▶ Data records
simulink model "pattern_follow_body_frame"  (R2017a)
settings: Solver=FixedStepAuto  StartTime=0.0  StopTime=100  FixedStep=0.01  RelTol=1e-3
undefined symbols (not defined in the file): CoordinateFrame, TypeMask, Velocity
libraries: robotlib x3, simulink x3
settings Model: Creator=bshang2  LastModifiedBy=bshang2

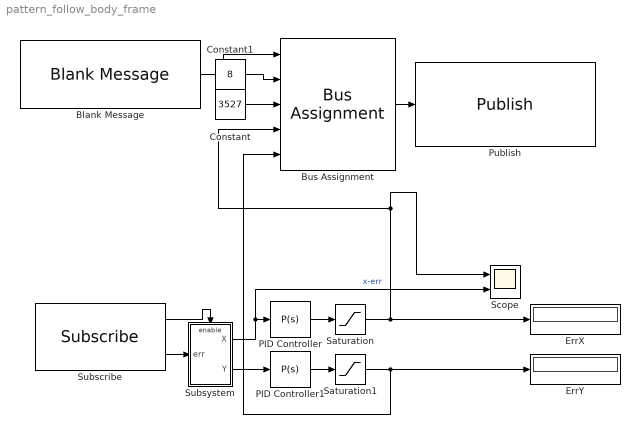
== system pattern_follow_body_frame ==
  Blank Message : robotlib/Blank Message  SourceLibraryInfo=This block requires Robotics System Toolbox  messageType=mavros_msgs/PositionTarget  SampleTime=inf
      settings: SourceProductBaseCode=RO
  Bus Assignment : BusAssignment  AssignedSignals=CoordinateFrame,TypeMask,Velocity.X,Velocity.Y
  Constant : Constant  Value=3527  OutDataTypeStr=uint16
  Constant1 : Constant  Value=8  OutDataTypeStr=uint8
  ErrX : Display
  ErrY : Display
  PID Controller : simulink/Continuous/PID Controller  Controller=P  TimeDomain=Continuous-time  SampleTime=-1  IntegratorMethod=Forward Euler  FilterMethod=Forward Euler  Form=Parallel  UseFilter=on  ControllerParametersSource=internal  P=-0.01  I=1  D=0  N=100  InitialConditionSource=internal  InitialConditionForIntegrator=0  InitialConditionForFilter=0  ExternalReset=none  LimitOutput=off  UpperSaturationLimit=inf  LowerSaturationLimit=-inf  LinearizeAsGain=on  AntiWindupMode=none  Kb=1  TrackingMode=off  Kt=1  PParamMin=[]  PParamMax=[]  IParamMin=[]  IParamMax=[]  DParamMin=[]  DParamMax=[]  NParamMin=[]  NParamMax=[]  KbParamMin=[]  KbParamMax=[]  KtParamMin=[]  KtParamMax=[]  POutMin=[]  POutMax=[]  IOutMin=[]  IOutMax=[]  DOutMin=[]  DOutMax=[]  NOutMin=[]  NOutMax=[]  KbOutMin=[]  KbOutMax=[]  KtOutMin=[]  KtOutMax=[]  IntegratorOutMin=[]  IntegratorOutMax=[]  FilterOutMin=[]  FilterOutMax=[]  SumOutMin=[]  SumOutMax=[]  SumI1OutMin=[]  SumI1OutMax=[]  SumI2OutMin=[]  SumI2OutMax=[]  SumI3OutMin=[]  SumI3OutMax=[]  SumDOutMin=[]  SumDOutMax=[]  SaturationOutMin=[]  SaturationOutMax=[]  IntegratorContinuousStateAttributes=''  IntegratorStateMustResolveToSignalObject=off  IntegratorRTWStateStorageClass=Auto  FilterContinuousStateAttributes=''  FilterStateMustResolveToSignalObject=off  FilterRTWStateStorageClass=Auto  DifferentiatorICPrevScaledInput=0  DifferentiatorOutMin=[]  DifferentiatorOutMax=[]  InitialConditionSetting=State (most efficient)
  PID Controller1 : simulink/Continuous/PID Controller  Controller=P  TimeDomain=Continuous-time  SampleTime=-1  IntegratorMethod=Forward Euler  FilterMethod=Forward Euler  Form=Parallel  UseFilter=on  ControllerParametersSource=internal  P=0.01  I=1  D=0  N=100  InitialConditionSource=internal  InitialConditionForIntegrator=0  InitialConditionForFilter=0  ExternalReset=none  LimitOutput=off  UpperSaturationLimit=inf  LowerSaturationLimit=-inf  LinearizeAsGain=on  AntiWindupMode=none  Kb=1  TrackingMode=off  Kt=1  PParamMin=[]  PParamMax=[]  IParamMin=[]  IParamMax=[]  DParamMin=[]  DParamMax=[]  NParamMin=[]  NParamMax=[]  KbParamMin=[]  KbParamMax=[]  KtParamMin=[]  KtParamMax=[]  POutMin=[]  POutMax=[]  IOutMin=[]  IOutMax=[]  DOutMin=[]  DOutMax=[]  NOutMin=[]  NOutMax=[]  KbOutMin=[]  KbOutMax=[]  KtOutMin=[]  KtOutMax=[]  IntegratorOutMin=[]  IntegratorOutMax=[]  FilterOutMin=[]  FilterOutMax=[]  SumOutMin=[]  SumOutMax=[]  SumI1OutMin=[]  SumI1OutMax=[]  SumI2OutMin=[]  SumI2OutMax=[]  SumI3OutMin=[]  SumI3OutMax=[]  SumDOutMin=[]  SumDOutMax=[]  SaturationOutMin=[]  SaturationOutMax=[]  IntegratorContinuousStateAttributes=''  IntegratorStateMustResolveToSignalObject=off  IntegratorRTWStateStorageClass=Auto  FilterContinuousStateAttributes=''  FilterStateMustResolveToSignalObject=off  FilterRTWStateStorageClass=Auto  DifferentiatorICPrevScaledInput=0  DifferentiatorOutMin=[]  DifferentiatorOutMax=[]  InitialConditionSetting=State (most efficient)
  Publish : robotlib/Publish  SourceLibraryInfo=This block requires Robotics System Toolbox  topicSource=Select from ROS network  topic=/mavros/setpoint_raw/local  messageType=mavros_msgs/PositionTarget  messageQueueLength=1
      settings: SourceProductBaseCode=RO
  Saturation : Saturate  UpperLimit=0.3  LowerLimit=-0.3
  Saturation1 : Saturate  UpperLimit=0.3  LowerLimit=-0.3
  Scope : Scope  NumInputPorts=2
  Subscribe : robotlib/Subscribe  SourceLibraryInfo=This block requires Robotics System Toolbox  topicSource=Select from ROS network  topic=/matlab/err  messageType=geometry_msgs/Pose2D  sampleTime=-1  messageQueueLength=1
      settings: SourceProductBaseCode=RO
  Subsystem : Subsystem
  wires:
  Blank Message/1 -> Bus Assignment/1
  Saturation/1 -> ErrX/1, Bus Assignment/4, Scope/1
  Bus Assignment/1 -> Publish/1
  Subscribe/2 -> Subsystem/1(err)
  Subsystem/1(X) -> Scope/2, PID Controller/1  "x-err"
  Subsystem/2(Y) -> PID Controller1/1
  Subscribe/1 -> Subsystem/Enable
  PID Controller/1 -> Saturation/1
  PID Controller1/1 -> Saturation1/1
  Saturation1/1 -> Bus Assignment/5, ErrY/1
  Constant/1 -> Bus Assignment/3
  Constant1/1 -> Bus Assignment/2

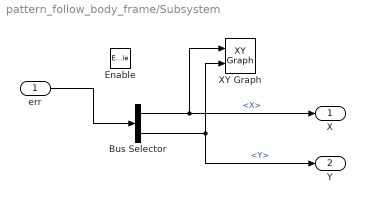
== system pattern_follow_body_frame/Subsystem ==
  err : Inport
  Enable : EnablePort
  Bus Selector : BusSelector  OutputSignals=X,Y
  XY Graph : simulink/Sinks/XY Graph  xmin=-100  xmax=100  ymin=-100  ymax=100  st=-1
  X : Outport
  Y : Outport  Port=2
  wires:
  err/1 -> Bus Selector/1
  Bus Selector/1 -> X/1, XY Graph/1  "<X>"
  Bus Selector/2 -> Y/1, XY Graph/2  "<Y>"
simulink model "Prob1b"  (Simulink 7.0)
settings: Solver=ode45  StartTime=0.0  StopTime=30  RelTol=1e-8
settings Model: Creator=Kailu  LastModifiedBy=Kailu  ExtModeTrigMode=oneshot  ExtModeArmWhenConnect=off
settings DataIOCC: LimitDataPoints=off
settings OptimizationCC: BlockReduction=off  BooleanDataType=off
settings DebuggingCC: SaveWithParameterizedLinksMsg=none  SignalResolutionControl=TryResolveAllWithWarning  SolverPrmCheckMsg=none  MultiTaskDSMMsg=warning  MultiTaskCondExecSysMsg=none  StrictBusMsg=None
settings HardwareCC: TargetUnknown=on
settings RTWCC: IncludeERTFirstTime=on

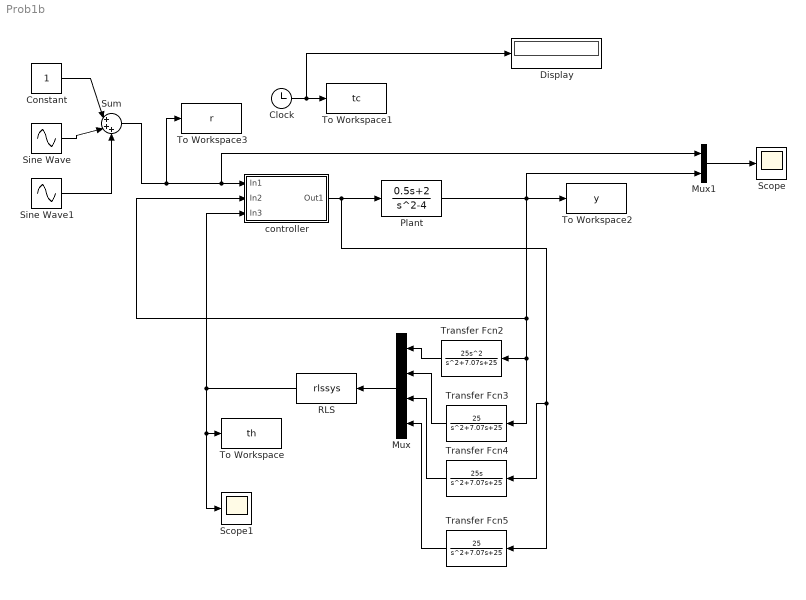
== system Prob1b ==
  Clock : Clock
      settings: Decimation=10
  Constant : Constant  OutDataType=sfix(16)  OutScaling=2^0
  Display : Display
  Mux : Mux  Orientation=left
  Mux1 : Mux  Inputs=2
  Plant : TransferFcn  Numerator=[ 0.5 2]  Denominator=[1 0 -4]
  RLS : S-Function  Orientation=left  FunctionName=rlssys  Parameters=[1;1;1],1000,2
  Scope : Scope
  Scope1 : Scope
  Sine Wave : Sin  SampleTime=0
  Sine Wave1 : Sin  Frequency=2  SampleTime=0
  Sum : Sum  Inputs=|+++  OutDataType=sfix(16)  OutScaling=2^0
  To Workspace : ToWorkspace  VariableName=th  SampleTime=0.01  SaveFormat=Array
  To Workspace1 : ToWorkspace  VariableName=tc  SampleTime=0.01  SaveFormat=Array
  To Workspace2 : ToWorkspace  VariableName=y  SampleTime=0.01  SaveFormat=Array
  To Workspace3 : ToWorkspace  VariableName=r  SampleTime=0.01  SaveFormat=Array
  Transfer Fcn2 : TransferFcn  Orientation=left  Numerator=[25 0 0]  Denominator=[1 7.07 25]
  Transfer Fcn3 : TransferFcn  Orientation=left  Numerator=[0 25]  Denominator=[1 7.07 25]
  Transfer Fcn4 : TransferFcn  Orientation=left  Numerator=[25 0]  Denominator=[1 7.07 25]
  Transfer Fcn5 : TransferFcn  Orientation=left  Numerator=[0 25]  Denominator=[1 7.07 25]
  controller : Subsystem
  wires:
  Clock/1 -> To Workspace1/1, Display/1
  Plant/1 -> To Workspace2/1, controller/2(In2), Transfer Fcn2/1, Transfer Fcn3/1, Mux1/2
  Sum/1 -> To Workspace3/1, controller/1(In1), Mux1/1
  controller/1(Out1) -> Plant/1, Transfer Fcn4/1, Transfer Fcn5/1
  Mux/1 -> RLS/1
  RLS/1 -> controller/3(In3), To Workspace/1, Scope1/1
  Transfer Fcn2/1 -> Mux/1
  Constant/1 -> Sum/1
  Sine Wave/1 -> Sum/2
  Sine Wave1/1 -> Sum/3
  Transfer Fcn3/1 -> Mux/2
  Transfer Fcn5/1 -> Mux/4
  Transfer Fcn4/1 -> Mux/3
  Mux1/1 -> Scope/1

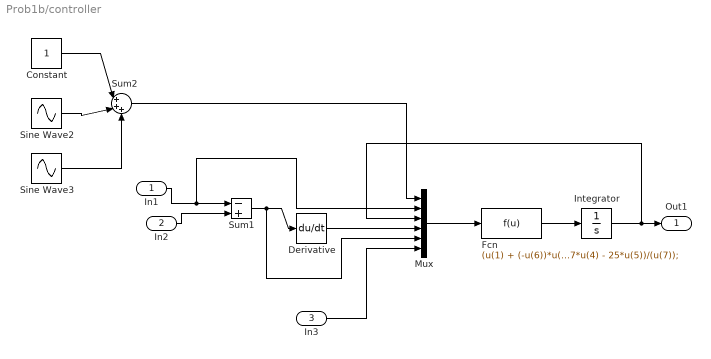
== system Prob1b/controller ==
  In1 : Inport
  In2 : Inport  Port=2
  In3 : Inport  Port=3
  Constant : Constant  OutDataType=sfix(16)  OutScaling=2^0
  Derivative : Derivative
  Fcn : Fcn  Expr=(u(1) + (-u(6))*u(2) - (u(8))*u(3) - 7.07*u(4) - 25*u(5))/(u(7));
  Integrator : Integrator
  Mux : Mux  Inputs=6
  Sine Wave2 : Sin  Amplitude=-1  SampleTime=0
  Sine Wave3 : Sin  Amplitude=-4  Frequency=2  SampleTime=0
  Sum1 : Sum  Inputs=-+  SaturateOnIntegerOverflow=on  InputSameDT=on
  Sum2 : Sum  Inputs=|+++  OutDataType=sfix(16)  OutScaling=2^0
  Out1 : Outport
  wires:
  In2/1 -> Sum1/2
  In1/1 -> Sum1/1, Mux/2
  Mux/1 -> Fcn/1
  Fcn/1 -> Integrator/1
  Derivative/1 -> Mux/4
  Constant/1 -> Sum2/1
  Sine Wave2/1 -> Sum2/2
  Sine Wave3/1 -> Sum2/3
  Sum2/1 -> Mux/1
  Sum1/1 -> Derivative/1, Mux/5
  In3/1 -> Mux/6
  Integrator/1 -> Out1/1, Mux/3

▶ Try it
Copy out, word for word, the part of the entries above that begins at the line with "To Workspace2 : ToWorkspace" and ends at the line with "Transfer Fcn2 : TransferFcn", including both.

▶ Reply to the task
  To Workspace2 : ToWorkspace  VariableName=y  SampleTime=0.01  SaveFormat=Array
  To Workspace3 : ToWorkspace  VariableName=r  SampleTime=0.01  SaveFormat=Array
  Transfer Fcn2 : TransferFcn  Orientation=left  Numerator=[25 0 0]  Denominator=[1 7.07 25]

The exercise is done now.